Source: *www.thehindubusinessline.com/blnus/15081620.htm

I also read in a Malayalam newspaper that DishTV has lowered tariffs. Let the competition tighten.


----------



## Sukhdeep Singh (Aug 8, 2008)

Yep, i was really frustated with my cable wala and decided to get DishTv. 

Though of reading some reviews of Dishtv and came across *broadbandforum.in/ and read that Reliance, Airtel, Videocon are all coming up with DTH in next 1-2 months.....so i decided to wait


----------



## din (Aug 8, 2008)

Any chance of internet via these kinda services ? Or thats not feasible technically ? Just curious ...


----------



## ThinkFree (Aug 8, 2008)

Sukhdeep Singh said:


> Yep, i was really frustated with my cable wala and decided to get DishTv.



Expect even more frustration  with Reliance.



din said:


> Any chance of internet via these kinda services ? Or thats not feasible technically ? Just curious ...



Though broadband can be offered through DTH, but no operator interested in that.


----------



## unni (Aug 8, 2008)

din said:


> Any chance of internet via these kinda services ? Or thats not feasible technically ? Just curious ...


Once DishTV moves from their current satellite to the new one, they may provide internet.
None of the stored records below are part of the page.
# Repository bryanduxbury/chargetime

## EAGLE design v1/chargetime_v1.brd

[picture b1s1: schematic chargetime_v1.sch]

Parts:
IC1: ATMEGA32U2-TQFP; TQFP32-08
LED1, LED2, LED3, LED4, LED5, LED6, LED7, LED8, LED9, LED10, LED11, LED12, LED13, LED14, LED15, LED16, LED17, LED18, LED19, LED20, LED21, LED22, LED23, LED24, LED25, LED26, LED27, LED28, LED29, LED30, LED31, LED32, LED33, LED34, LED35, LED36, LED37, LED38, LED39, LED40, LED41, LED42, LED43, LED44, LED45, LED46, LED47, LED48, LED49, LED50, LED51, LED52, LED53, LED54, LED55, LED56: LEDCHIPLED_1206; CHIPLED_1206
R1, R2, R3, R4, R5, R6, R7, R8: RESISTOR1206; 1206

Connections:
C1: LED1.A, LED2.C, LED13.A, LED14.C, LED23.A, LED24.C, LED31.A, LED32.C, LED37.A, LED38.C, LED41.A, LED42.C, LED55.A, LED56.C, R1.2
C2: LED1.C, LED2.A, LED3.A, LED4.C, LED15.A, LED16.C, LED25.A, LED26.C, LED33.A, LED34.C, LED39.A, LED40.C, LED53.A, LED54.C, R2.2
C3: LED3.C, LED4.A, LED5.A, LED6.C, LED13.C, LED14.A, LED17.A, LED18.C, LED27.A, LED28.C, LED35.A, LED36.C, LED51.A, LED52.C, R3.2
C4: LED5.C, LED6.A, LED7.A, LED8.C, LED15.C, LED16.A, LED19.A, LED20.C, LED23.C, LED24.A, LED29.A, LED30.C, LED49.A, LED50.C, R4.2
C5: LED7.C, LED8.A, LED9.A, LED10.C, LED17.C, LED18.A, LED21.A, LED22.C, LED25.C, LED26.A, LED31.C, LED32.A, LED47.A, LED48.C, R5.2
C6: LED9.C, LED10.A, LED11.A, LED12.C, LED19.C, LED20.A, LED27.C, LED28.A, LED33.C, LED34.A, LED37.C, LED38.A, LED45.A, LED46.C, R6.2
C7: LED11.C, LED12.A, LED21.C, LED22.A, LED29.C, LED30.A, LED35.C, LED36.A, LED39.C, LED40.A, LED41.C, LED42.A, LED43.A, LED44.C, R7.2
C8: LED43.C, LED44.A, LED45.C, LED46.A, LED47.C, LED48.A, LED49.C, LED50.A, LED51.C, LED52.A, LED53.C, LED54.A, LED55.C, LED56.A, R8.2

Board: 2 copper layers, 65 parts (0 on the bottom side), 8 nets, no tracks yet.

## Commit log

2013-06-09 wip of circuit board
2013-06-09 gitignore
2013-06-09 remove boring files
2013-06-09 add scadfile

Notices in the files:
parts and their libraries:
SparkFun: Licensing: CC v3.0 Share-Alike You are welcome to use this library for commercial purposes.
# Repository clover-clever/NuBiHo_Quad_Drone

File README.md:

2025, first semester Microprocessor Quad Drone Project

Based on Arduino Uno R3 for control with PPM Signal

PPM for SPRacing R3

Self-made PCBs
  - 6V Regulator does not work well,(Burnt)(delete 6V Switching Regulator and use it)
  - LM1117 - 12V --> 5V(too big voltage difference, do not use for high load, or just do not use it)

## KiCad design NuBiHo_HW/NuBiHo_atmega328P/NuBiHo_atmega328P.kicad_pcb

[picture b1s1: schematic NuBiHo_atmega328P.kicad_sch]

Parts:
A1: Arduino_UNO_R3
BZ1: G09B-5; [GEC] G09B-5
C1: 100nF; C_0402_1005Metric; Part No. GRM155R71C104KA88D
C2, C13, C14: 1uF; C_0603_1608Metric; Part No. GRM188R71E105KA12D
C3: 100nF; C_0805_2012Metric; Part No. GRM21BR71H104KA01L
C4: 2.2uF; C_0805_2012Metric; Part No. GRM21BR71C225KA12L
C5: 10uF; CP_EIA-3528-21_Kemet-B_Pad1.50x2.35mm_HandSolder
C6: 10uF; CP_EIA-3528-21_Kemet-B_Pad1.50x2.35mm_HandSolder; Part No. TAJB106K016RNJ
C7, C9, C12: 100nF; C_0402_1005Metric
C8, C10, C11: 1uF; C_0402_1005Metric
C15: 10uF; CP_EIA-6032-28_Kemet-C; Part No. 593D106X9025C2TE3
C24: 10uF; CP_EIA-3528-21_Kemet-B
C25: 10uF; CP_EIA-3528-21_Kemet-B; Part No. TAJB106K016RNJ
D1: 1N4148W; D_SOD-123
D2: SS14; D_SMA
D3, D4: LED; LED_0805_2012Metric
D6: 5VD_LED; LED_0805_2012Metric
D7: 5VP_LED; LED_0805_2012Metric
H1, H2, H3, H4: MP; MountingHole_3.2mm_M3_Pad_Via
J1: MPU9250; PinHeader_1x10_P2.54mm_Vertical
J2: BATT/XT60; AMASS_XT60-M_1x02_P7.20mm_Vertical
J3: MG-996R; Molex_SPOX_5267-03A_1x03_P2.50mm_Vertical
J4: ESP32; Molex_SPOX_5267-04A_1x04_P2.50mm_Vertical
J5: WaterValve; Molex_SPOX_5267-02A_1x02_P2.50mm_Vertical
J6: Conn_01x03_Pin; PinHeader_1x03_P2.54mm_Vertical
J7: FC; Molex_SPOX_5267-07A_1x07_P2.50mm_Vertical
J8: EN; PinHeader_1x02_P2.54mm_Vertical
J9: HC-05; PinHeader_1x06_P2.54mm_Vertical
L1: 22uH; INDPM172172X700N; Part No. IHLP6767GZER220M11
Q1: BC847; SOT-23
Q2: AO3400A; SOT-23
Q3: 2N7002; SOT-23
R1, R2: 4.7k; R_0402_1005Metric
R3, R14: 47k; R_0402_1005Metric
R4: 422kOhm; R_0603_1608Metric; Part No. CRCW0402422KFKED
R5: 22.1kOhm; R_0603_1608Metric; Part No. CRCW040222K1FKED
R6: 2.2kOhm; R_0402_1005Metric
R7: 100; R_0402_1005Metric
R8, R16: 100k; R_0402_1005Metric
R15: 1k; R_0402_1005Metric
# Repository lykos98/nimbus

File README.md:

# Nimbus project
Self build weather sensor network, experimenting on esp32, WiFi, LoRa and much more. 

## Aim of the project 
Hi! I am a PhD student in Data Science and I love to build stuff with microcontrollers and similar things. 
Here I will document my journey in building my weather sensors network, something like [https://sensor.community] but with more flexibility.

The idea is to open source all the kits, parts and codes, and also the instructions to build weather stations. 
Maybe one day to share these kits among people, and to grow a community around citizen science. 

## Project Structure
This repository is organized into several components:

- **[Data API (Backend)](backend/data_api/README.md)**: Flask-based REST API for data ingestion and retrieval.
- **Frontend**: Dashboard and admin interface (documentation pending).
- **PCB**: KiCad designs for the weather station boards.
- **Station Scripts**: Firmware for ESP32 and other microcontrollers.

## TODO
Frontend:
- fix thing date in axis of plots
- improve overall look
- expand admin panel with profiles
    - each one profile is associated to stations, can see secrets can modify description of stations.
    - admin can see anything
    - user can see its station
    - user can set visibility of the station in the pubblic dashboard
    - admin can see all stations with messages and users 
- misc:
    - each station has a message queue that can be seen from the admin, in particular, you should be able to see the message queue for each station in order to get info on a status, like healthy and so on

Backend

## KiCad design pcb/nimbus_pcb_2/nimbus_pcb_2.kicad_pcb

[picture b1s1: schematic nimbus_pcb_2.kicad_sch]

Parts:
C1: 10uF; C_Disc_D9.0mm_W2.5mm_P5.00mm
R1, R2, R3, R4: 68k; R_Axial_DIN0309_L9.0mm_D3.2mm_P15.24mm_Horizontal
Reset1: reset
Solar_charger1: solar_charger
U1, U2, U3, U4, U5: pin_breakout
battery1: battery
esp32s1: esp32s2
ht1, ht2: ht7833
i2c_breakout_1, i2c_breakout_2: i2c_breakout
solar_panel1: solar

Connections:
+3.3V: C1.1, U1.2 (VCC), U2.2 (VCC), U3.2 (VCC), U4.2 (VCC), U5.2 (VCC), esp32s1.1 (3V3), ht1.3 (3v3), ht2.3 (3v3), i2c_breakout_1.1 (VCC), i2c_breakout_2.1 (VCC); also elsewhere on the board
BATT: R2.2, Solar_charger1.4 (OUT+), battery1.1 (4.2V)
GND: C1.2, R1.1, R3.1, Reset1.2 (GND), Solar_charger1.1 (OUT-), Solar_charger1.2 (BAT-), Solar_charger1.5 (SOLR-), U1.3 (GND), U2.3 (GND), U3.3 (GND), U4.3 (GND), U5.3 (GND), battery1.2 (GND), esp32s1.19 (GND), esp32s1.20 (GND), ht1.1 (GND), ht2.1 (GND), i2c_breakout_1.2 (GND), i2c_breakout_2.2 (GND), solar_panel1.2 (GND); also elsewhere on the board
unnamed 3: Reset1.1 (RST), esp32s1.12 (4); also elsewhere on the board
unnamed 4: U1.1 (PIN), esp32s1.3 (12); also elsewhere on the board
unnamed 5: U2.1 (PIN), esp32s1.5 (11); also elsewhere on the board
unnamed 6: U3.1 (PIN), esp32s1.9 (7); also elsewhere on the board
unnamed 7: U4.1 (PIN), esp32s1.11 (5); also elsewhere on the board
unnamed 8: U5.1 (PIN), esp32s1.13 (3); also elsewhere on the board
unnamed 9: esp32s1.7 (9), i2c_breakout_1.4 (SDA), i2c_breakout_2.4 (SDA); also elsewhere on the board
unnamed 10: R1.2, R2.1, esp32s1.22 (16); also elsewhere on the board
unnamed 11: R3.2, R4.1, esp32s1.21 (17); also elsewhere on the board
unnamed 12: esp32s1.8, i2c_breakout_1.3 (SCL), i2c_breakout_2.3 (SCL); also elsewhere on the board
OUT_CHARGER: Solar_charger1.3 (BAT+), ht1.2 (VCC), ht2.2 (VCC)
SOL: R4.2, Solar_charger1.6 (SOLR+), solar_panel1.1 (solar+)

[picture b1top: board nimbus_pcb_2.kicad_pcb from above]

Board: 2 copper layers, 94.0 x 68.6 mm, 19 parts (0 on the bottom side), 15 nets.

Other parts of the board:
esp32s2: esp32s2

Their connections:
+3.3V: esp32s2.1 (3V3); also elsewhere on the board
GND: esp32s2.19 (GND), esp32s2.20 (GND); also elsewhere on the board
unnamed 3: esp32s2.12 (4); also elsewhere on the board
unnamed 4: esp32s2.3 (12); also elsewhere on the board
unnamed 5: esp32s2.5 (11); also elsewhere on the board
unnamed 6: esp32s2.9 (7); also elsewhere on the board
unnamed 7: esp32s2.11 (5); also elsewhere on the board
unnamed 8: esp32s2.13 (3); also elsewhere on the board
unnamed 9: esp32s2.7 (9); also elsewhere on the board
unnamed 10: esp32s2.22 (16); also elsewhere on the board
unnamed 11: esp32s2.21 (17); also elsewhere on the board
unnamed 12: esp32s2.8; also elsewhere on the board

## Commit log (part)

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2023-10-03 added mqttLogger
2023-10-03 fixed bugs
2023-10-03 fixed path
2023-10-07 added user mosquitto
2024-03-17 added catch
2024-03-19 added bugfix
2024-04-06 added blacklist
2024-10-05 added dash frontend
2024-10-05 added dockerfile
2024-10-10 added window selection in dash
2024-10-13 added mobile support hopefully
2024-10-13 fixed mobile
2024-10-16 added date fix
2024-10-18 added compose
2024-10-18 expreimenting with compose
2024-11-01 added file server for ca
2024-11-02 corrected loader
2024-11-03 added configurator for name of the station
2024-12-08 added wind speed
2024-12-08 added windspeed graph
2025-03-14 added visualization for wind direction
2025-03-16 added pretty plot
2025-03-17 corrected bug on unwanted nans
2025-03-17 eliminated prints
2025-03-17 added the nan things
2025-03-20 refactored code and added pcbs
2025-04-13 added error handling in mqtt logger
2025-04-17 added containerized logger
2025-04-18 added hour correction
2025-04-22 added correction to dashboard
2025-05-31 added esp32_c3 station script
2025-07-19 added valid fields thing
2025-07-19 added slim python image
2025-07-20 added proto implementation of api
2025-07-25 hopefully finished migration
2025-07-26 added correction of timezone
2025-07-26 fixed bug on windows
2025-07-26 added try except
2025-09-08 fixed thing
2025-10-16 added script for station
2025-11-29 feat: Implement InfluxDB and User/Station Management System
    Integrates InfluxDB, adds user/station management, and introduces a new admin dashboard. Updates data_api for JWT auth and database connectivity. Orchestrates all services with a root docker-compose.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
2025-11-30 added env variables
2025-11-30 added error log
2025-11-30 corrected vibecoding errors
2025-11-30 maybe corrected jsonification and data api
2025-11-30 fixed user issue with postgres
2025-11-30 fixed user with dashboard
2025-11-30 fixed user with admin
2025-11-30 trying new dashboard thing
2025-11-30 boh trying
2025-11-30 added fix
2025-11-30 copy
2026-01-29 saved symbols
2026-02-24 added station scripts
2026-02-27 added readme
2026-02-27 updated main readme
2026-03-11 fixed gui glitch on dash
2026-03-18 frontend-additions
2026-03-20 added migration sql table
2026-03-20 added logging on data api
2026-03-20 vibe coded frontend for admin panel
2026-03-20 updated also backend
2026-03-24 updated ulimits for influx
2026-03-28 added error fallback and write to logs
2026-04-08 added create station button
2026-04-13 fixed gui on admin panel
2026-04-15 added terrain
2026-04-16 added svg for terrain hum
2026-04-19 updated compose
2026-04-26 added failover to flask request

I remember reading about it in July. Here are 2 links: *www.business-standard.com/india/storypage.php?autono=323131
*www.financialexpress.com/news/Dish-TV-to-launch-its-own-satellite/333239/


----------



## roshan1236a (Aug 8, 2008)

Even in DTH services the bil is too high.
I have no ESPN& STAR SPORTS when the matches are goin on.
but when there is no matchs we will get espn


----------



## naveen_reloaded (Aug 8, 2008)

Reliance is said to launch this service with mpeg4 format na? Am i right? 

If they give more channels and better quality for bigger screen... I think i would move to reliance...


----------



## iinfi (Aug 8, 2008)

roshan1236a said:


> Even in DTH services the bil is too high.
> I have no ESPN& STAR SPORTS when the matches are goin on.
> but when there is no matchs we will get espn



wat r u talking?? is it so?? then i m not going to these DTH providers. only during this Euro there was some problem with TATA Sky. otherwise i v not heard of such a problem.



din said:


> Any chance of internet via these kinda services ? Or thats not feasible technically ? Just curious ...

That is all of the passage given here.